<<<<

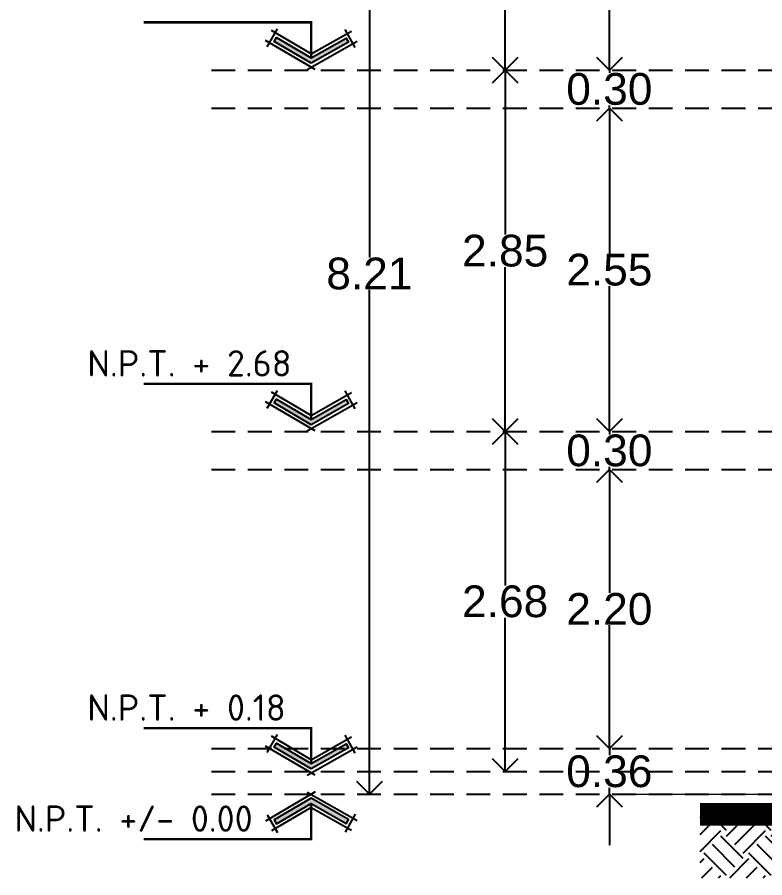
# Model space of a CAD drawing. Header units: metres. Extents: x -58 to 722, y -1100 to 345.
# Drawn here: x 230.4 to 236.3, y -485.49 to -478.7 of the extents above; entities that cross this region are included whole.
import ezdxf

# ---------------------------------------------------------------- set-up
doc = ezdxf.new("R2010")
doc.units = ezdxf.units.M
doc.header["$MEASUREMENT"] = 0
doc.linetypes.add('HIDDEN2', pattern=[0.1875, 0.125, -0.0625])
doc.layers.get('0').update_dxf_attribs({"color": 255})
doc.layers.get('DEFPOINTS').update_dxf_attribs({"color": 250})
for name, color, linetype in [('FSR_ARQ_007PROYECCIONES', 200, 'HIDDEN2'), ('FSR_ARQ_010MUROBAJO', 33, 'Continuous'), ('FSR_ARQ_015COTAS', 125, 'Continuous'), ('LOSA', 1, 'Continuous'), ('TEXTOS', 7, 'Continuous')]:
    doc.layers.add(name, color=color, linetype=linetype)
doc.layers.add('muro bajo', color=33, linetype='Continuous', lineweight=9)
doc.styles.add('LOCAL', font='isocpeur.ttf', dxfattribs={"width": 0.75, "height": 0.15})
doc.styles.add('style1', font='arial.ttf')
doc.dimstyles.new('PP_PACO', dxfattribs={"dimtxt": 0.18, "dimasz": 0.075, "dimexe": 0.075, "dimexo": 0, "dimgap": 0, "dimtad": 0, "dimtih": 1, "dimtoh": 1, "dimzin": 1, "dimdsep": 46, "dimtxsty": 'style1', "dimcen": 0.15, "dimse1": 1, "dimse2": 1, "dimclrd": 256, "dimclre": 256, "dimadec": 0, "dimazin": 0, "dimtfac": 1, "dimtmove": 0, "dimatfit": 3, "dimfxl": 0.075, "dimarcsym": 0})

# ---------------------------------------------------------------- blocks, each defined once
blk = doc.blocks.new('_Open90')
at = {"color": 0, "linetype": 'ByBlock', "lineweight": -2}
for p, q in [((-0.5, 0.5), (0, 0)), ((0, 0), (-1, 0)), ((0, 0), (-0.5, -0.5))]:
    blk.add_line(p, q, dxfattribs=at)
blk = doc.blocks.new('*D734')
at = {"layer": 'DEFPOINTS', "color": 0, "ltscale": 0.005, "transparency": 16777216}
for p in [(235.0691, -484.4714), (235.5095, -484.4714), (235.4817, -484.8314)]:
    blk.add_point(p, dxfattribs=at)
at = {"layer": 'FSR_ARQ_015COTAS', "lineweight": -2, "ltscale": 0.005, "transparency": 16777216}
for p, q in [((235.0691, -484.2714), (235.0691, -484.0714)), ((235.0691, -484.4714), (235.0691, -484.5237)), ((235.0691, -484.8314), (235.0691, -484.7792)), ((235.0691, -485.0314), (235.0691, -485.2314))]:
    blk.add_line(p, q, dxfattribs=at)
at = {"layer": 'FSR_ARQ_015COTAS', "lineweight": -2, "ltscale": 0.005, "transparency": 16777216, "xscale": 0.2, "yscale": 0.2, "zscale": 0.2}
for p, rotation in [((235.0691, -484.4714), 270), ((235.0691, -484.8314), 90)]:
    blk.add_blockref('_Open90', p, dxfattribs=dict(at, rotation=rotation))
at = {"layer": 'FSR_ARQ_015COTAS', "color": 0, "ltscale": 0.005, "transparency": 16777216, "insert": (235.0691, -484.6514), "char_height": 0.25, "attachment_point": 5, "style": 'style1'}
blk.add_mtext('0.36', dxfattribs=at)
blk = doc.blocks.new('*D739')
at = {"layer": 'DEFPOINTS', "color": 0, "ltscale": 0.005, "transparency": 16777216}
for p in [(235.0691, -482.2714), (235.7762, -482.2714), (235.5095, -484.4714)]:
    blk.add_point(p, dxfattribs=at)
at = {"layer": 'FSR_ARQ_015COTAS', "lineweight": -2, "ltscale": 0.005, "transparency": 16777216}
for p, q in [((235.0691, -482.4714), (235.0691, -483.2438)), ((235.0691, -484.2714), (235.0691, -483.4991))]:
    blk.add_line(p, q, dxfattribs=at)
at = {"layer": 'FSR_ARQ_015COTAS', "lineweight": -2, "ltscale": 0.005, "transparency": 16777216, "xscale": 0.2, "yscale": 0.2, "zscale": 0.2}
for p, rotation in [((235.0691, -482.2714), 90), ((235.0691, -484.4714), 270)]:
    blk.add_blockref('_Open90', p, dxfattribs=dict(at, rotation=rotation))
at = {"layer": 'FSR_ARQ_015COTAS', "color": 0, "ltscale": 0.005, "transparency": 16777216, "insert": (235.0691, -483.3714), "char_height": 0.25, "attachment_point": 5, "style": 'style1'}
blk.add_mtext('2.20', dxfattribs=at)
blk = doc.blocks.new('*D740')
at = {"layer": 'DEFPOINTS', "color": 0, "ltscale": 0.005, "transparency": 16777216}
for p in [(235.0691, -481.9714), (235.8498, -481.9714), (235.7762, -482.2714)]:
    blk.add_point(p, dxfattribs=at)
at = {"layer": 'FSR_ARQ_015COTAS', "lineweight": -2, "ltscale": 0.005, "transparency": 16777216}
for p, q in [((235.0691, -481.7714), (235.0691, -481.5714)), ((235.0691, -481.9714), (235.0691, -481.9937)), ((235.0691, -482.2714), (235.0691, -482.2492)), ((235.0691, -482.4714), (235.0691, -482.6714))]:
    blk.add_line(p, q, dxfattribs=at)
at = {"layer": 'FSR_ARQ_015COTAS', "lineweight": -2, "ltscale": 0.005, "transparency": 16777216, "xscale": 0.2, "yscale": 0.2, "zscale": 0.2}
for p, rotation in [((235.0691, -481.9714), 270), ((235.0691, -482.2714), 90)]:
    blk.add_blockref('_Open90', p, dxfattribs=dict(at, rotation=rotation))
at = {"layer": 'FSR_ARQ_015COTAS', "color": 0, "ltscale": 0.005, "transparency": 16777216, "insert": (235.0691, -482.1214), "char_height": 0.25, "attachment_point": 5, "style": 'style1'}
blk.add_mtext('0.30', dxfattribs=at)
blk = doc.blocks.new('*D741')
at = {"layer": 'DEFPOINTS', "color": 0, "ltscale": 0.005, "transparency": 16777216}
for p in [(235.0691, -479.4214), (235.9878, -479.4214), (235.8498, -481.9714)]:
    blk.add_point(p, dxfattribs=at)
at = {"layer": 'FSR_ARQ_015COTAS', "lineweight": -2, "ltscale": 0.005, "transparency": 16777216}
for p, q in [((235.0691, -479.6214), (235.0691, -480.5688)), ((235.0691, -481.7714), (235.0691, -480.8241))]:
    blk.add_line(p, q, dxfattribs=at)
at = {"layer": 'FSR_ARQ_015COTAS', "lineweight": -2, "ltscale": 0.005, "transparency": 16777216, "xscale": 0.2, "yscale": 0.2, "zscale": 0.2}
for p, rotation in [((235.0691, -479.4214), 90), ((235.0691, -481.9714), 270)]:
    blk.add_blockref('_Open90', p, dxfattribs=dict(at, rotation=rotation))
at = {"layer": 'FSR_ARQ_015COTAS', "color": 0, "ltscale": 0.005, "transparency": 16777216, "insert": (235.0691, -480.6964), "char_height": 0.25, "attachment_point": 5, "style": 'style1'}
blk.add_mtext('2.55', dxfattribs=at)
blk = doc.blocks.new('*D742')
at = {"layer": 'DEFPOINTS', "color": 0, "ltscale": 0.005, "transparency": 16777216}
for p in [(235.0691, -479.1214), (236.0062, -479.1214), (235.9878, -479.4214)]:
    blk.add_point(p, dxfattribs=at)
at = {"layer": 'FSR_ARQ_015COTAS', "lineweight": -2, "ltscale": 0.005, "transparency": 16777216}
for p, q in [((235.0691, -478.9214), (235.0691, -478.7214)), ((235.0691, -479.1214), (235.0691, -479.1437)), ((235.0691, -479.4214), (235.0691, -479.3992)), ((235.0691, -479.6214), (235.0691, -479.8214))]:
    blk.add_line(p, q, dxfattribs=at)
at = {"layer": 'FSR_ARQ_015COTAS', "lineweight": -2, "ltscale": 0.005, "transparency": 16777216, "xscale": 0.2, "yscale": 0.2, "zscale": 0.2}
for p, rotation in [((235.0691, -479.1214), 270), ((235.0691, -479.4214), 90)]:
    blk.add_blockref('_Open90', p, dxfattribs=dict(at, rotation=rotation))
at = {"layer": 'FSR_ARQ_015COTAS', "color": 0, "ltscale": 0.005, "transparency": 16777216, "insert": (235.0691, -479.2714), "char_height": 0.25, "attachment_point": 5, "style": 'style1'}
blk.add_mtext('0.30', dxfattribs=at)
blk = doc.blocks.new('*D743')
at = {"layer": 'DEFPOINTS', "color": 0, "ltscale": 0.005, "transparency": 16777216}
for p in [(235.0691, -476.9214), (236.0154, -476.9214), (236.0062, -479.1214)]:
    blk.add_point(p, dxfattribs=at)
at = {"layer": 'FSR_ARQ_015COTAS', "lineweight": -2, "ltscale": 0.005, "transparency": 16777216}
for p, q in [((235.0691, -477.1214), (235.0691, -477.8938)), ((235.0691, -478.9214), (235.0691, -478.1491))]:
    blk.add_line(p, q, dxfattribs=at)
at = {"layer": 'FSR_ARQ_015COTAS', "lineweight": -2, "ltscale": 0.005, "transparency": 16777216, "xscale": 0.2, "yscale": 0.2, "zscale": 0.2}
for p, rotation in [((235.0691, -476.9214), 90), ((235.0691, -479.1214), 270)]:
    blk.add_blockref('_Open90', p, dxfattribs=dict(at, rotation=rotation))
at = {"layer": 'FSR_ARQ_015COTAS', "color": 0, "ltscale": 0.005, "transparency": 16777216, "insert": (235.0691, -478.0214), "char_height": 0.25, "attachment_point": 5, "style": 'style1'}
blk.add_mtext('2.20', dxfattribs=at)
blk = doc.blocks.new('*D736')
at = {"layer": 'DEFPOINTS', "color": 0, "ltscale": 0.005, "transparency": 16777216}
for p in [(234.2469, -481.9714), (235.1575, -481.9714), (234.4532, -484.6514)]:
    blk.add_point(p, dxfattribs=at)
at = {"layer": 'FSR_ARQ_015COTAS', "lineweight": -2, "ltscale": 0.005, "transparency": 16777216}
for p, q in [((234.2469, -482.1714), (234.2469, -483.1838)), ((234.2469, -484.4514), (234.2469, -483.4391))]:
    blk.add_line(p, q, dxfattribs=at)
at = {"layer": 'FSR_ARQ_015COTAS', "lineweight": -2, "ltscale": 0.005, "transparency": 16777216, "xscale": 0.2, "yscale": 0.2, "zscale": 0.2}
for p, rotation in [((234.2469, -481.9714), 90), ((234.2469, -484.6514), 270)]:
    blk.add_blockref('_Open90', p, dxfattribs=dict(at, rotation=rotation))
at = {"layer": 'FSR_ARQ_015COTAS', "color": 0, "ltscale": 0.005, "transparency": 16777216, "insert": (234.2469, -483.3114), "char_height": 0.25, "attachment_point": 5, "style": 'style1'}
blk.add_mtext('2.68', dxfattribs=at)
blk = doc.blocks.new('*D737')
at = {"layer": 'DEFPOINTS', "color": 0, "ltscale": 0.005, "transparency": 16777216}
for p in [(234.2469, -479.1214), (234.7497, -479.1214), (235.1575, -481.9714)]:
    blk.add_point(p, dxfattribs=at)
at = {"layer": 'FSR_ARQ_015COTAS', "lineweight": -2, "ltscale": 0.005, "transparency": 16777216}
for p, q in [((234.2469, -479.3214), (234.2469, -480.4188)), ((234.2469, -481.7714), (234.2469, -480.6741))]:
    blk.add_line(p, q, dxfattribs=at)
at = {"layer": 'FSR_ARQ_015COTAS', "lineweight": -2, "ltscale": 0.005, "transparency": 16777216, "xscale": 0.2, "yscale": 0.2, "zscale": 0.2}
for p, rotation in [((234.2469, -479.1214), 90), ((234.2469, -481.9714), 270)]:
    blk.add_blockref('_Open90', p, dxfattribs=dict(at, rotation=rotation))
at = {"layer": 'FSR_ARQ_015COTAS', "color": 0, "ltscale": 0.005, "transparency": 16777216, "insert": (234.2469, -480.5464), "char_height": 0.25, "attachment_point": 5, "style": 'style1'}
blk.add_mtext('2.85', dxfattribs=at)
blk = doc.blocks.new('*D738')
at = {"layer": 'DEFPOINTS', "color": 0, "ltscale": 0.005, "transparency": 16777216}
for p in [(234.2469, -476.6214), (234.9862, -476.6214), (234.7497, -479.1214)]:
    blk.add_point(p, dxfattribs=at)
at = {"layer": 'FSR_ARQ_015COTAS', "lineweight": -2, "ltscale": 0.005, "transparency": 16777216}
for p, q in [((234.2469, -476.8214), (234.2469, -477.7438)), ((234.2469, -478.9214), (234.2469, -477.9991))]:
    blk.add_line(p, q, dxfattribs=at)
at = {"layer": 'FSR_ARQ_015COTAS', "lineweight": -2, "ltscale": 0.005, "transparency": 16777216, "xscale": 0.2, "yscale": 0.2, "zscale": 0.2}
for p, rotation in [((234.2469, -476.6214), 90), ((234.2469, -479.1214), 270)]:
    blk.add_blockref('_Open90', p, dxfattribs=dict(at, rotation=rotation))
at = {"layer": 'FSR_ARQ_015COTAS', "color": 0, "ltscale": 0.005, "transparency": 16777216, "insert": (234.2469, -477.8714), "char_height": 0.25, "attachment_point": 5, "style": 'style1'}
blk.add_mtext('2.50', dxfattribs=at)
blk = doc.blocks.new('*D744')
at = {"layer": 'DEFPOINTS', "color": 0, "ltscale": 0.005, "transparency": 16777216}
for p in [(233.1758, -476.6214), (233.7519, -476.6214), (233.7519, -484.8314)]:
    blk.add_point(p, dxfattribs=at)
at = {"layer": 'FSR_ARQ_015COTAS', "lineweight": -2, "ltscale": 0.005, "transparency": 16777216}
for p, q in [((233.1758, -476.8214), (233.1758, -480.5988)), ((233.1758, -484.6314), (233.1758, -480.8541))]:
    blk.add_line(p, q, dxfattribs=at)
at = {"layer": 'FSR_ARQ_015COTAS', "lineweight": -2, "ltscale": 0.005, "transparency": 16777216, "xscale": 0.2, "yscale": 0.2, "zscale": 0.2}
for p, rotation in [((233.1758, -476.6214), 90), ((233.1758, -484.8314), 270)]:
    blk.add_blockref('_Open90', p, dxfattribs=dict(at, rotation=rotation))
at = {"layer": 'FSR_ARQ_015COTAS', "color": 0, "ltscale": 0.005, "transparency": 16777216, "insert": (233.1758, -480.7264), "char_height": 0.25, "attachment_point": 5, "style": 'style1'}
blk.add_mtext('8.21', dxfattribs=at)
blk = doc.blocks.new('Flecha_1')
blk.add_hatch(color=256).paths.add_polyline_path([(0, 0.000758), (0.003041, -0.000998), (0.002854, -0.001323), (0, 0.000325), (-0.002854, -0.001323), (-0.003041, -0.000998)])
for p, q in [((0.000325, 0.00127), (-0.00375, -0.001083)), ((-0.000325, 0.00127), (0.00375, -0.001083)), ((0, 0), (-0.003281, -0.001894)), ((0, 0), (0.003281, -0.001894)), ((-0.003613, -0.00057), (-0.002769, -0.002032)), ((0.003613, -0.00057), (0.002769, -0.002032))]:
    blk.add_line(p, q)
blk.add_lwpolyline([(0, 0.000758), (0.003041, -0.000998), (0.002854, -0.001323), (0, 0.000325), (-0.002854, -0.001323), (-0.003041, -0.000998)], close=True)

msp = doc.modelspace()

# ---------------------------------------------------------------- hatches: boundary and pattern name
at = {"layer": 'FSR_ARQ_010MUROBAJO', "ltscale": 0.005}
h = msp.add_hatch(dxfattribs=at)
h.set_pattern_fill('EARTH', color=256, angle=45)
h.set_pattern_definition([(45, (36.36769, 24.17595), (0, 0.35355339), [0.25, -0.25]), (45, (36.3014, 24.24224), (0, 0.35355339), [0.25, -0.25]), (45, (36.2351, 24.30854), (0, 0.35355339), [0.25, -0.25]), (135, (36.2351, 24.35273), (-0.35355339, 3e-17), [0.25, -0.25]), (135, (36.3014, 24.41902), (-0.35355339, 3e-17), [0.25, -0.25]), (135, (36.36769, 24.48531), (-0.35355339, 3e-17), [0.25, -0.25])])
h.paths.add_polyline_path([(244.6727, -485.4896), (244.6727, -484.9896), (235.7852, -484.9896), (235.7852, -485.4896)])

# ---------------------------------------------------------------- linework, layer by layer
at = {"layer": 'FSR_ARQ_007PROYECCIONES', "ltscale": 1.5}
for p, q in [((231.93, -479.1214), (248.2949, -479.1214)), ((231.93, -479.4214), (248.2949, -479.4214)), ((231.93, -481.9714), (248.2949, -481.9714)), ((231.93, -482.2714), (248.2949, -482.2714)), ((231.93, -484.4714), (248.2949, -484.4714)), ((231.93, -484.6514), (248.2949, -484.6514)), ((231.93, -484.8314), (248.2949, -484.8314))]:
    msp.add_line(p, q, dxfattribs=at)
at = {"layer": 'LOSA', "ltscale": 0.005, "const_width": 0.18}
msp.add_lwpolyline([(235.7852, -484.9896), (244.6727, -484.9896)], dxfattribs=at)
at = {"layer": 'muro bajo', "ltscale": 0.005}
msp.add_lwpolyline([(235.0941, -484.8314), (246.5821, -484.8314)], dxfattribs=at)
at = {"layer": 'TEXTOS', "const_width": 0.02}
for points in [[(232.7167, -479.0255), (232.7167, -478.7452), (231.3951, -478.7452)], [(232.7167, -481.8755), (232.7167, -481.5952), (231.3951, -481.5952)], [(232.7167, -484.5897), (232.7167, -484.3094), (231.3951, -484.3094)], [(232.7167, -484.9043), (232.7167, -485.1846), (231.3951, -485.1846)]]:
    msp.add_lwpolyline(points, dxfattribs=at)

# ---------------------------------------------------------------- block references
at = {"layer": 'TEXTOS', "yscale": 96.2046114645297, "zscale": 96.2046114645297}
for p, xscale, rotation in [((232.717, -478.9943), 96.2046114645297, 179.5449717127303), ((232.717, -481.8443), 96.2046114645297, 179.5449717127303), ((232.717, -484.5584), 96.2046114645297, 179.5449717127303), ((232.717, -484.9356), -96.2046114645297, 0.4550282872697497)]:
    msp.add_blockref('Flecha_1', p, dxfattribs=dict(at, xscale=xscale, rotation=rotation))

# ---------------------------------------------------------------- texts
at = {"layer": 'TEXTOS', "style": 'LOCAL'}
for s, p in [('N.P.T. + 2.68', (230.9506, -481.5374)), ('N.P.T. + 0.18', (230.9506, -484.2515)), ('N.P.T. +/- 0.00', (230.375, -485.1267))]:
    msp.add_text(s, height=0.207504, rotation=360, dxfattribs=at).set_placement(p)

# ---------------------------------------------------------------- dimensions: what is measured, and where the dimension line sits
at = {"layer": 'FSR_ARQ_015COTAS', "ltscale": 0.005}
for base, p1, p2, picture, middle in [((233.1758, -476.6214), (233.7519, -484.8314), (233.7519, -476.6214), '*D744', (233.1758, -480.7264)), ((234.2469, -476.6214), (234.7497, -479.1214), (234.9862, -476.6214), '*D738', (234.2469, -477.8714)), ((235.0691, -476.9214), (236.0062, -479.1214), (236.0154, -476.9214), '*D743', (235.0691, -478.0214)), ((235.0691, -479.1214), (235.9878, -479.4214), (236.0062, -479.1214), '*D742', (235.0691, -479.2714)), ((234.2469, -479.1214), (235.1575, -481.9714), (234.7497, -479.1214), '*D737', (234.2469, -480.5464)), ((235.0691, -479.4214), (235.8498, -481.9714), (235.9878, -479.4214), '*D741', (235.0691, -480.6964)), ((235.0691, -481.9714), (235.7762, -482.2714), (235.8498, -481.9714), '*D740', (235.0691, -482.1214)), ((234.2469, -481.9714), (234.4532, -484.6514), (235.1575, -481.9714), '*D736', (234.2469, -483.3114)), ((235.0691, -482.2714), (235.5095, -484.4714), (235.7762, -482.2714), '*D739', (235.0691, -483.3714)), ((235.0691, -484.4714), (235.4817, -484.8314), (235.5095, -484.4714), '*D734', (235.0691, -484.6514))]:
    dim = msp.add_linear_dim(base=base, p1=p1, p2=p2, angle=90, dimstyle='PP_PACO', override={"dimtxt": 0.25, "dimasz": 0.2, "dimblk1": 'Open90', "dimblk2": 'Open90', "dimsah": 1, "dimtmove": 1, "dimfxlon": 1}, dxfattribs=at)
    dim.commit()
    dim.dimension.update_dxf_attribs({"geometry": picture, "text_midpoint": middle})

doc.saveas('drawing.dxf')

>>>>

> [Required action]: Exactly as they appear, output the line holding "for s, p in" and all lines after it through the end of the listing above, and only those.

> [Task output]:
for s, p in [('N.P.T. + 2.68', (230.9506, -481.5374)), ('N.P.T. + 0.18', (230.9506, -484.2515)), ('N.P.T. +/- 0.00', (230.375, -485.1267))]:
    msp.add_text(s, height=0.207504, rotation=360, dxfattribs=at).set_placement(p)

# ---------------------------------------------------------------- dimensions: what is measured, and where the dimension line sits
at = {"layer": 'FSR_ARQ_015COTAS', "ltscale": 0.005}
for base, p1, p2, picture, middle in [((233.1758, -476.6214), (233.7519, -484.8314), (233.7519, -476.6214), '*D744', (233.1758, -480.7264)), ((234.2469, -476.6214), (234.7497, -479.1214), (234.9862, -476.6214), '*D738', (234.2469, -477.8714)), ((235.0691, -476.9214), (236.0062, -479.1214), (236.0154, -476.9214), '*D743', (235.0691, -478.0214)), ((235.0691, -479.1214), (235.9878, -479.4214), (236.0062, -479.1214), '*D742', (235.0691, -479.2714)), ((234.2469, -479.1214), (235.1575, -481.9714), (234.7497, -479.1214), '*D737', (234.2469, -480.5464)), ((235.0691, -479.4214), (235.8498, -481.9714), (235.9878, -479.4214), '*D741', (235.0691, -480.6964)), ((235.0691, -481.9714), (235.7762, -482.2714), (235.8498, -481.9714), '*D740', (235.0691, -482.1214)), ((234.2469, -481.9714), (234.4532, -484.6514), (235.1575, -481.9714), '*D736', (234.2469, -483.3114)), ((235.0691, -482.2714), (235.5095, -484.4714), (235.7762, -482.2714), '*D739', (235.0691, -483.3714)), ((235.0691, -484.4714), (235.4817, -484.8314), (235.5095, -484.4714), '*D734', (235.0691, -484.6514))]:
    dim = msp.add_linear_dim(base=base, p1=p1, p2=p2, angle=90, dimstyle='PP_PACO', override={"dimtxt": 0.25, "dimasz": 0.2, "dimblk1": 'Open90', "dimblk2": 'Open90', "dimsah": 1, "dimtmove": 1, "dimfxlon": 1}, dxfattribs=at)
    dim.commit()
    dim.dimension.update_dxf_attribs({"geometry": picture, "text_midpoint": middle})

doc.saveas('drawing.dxf')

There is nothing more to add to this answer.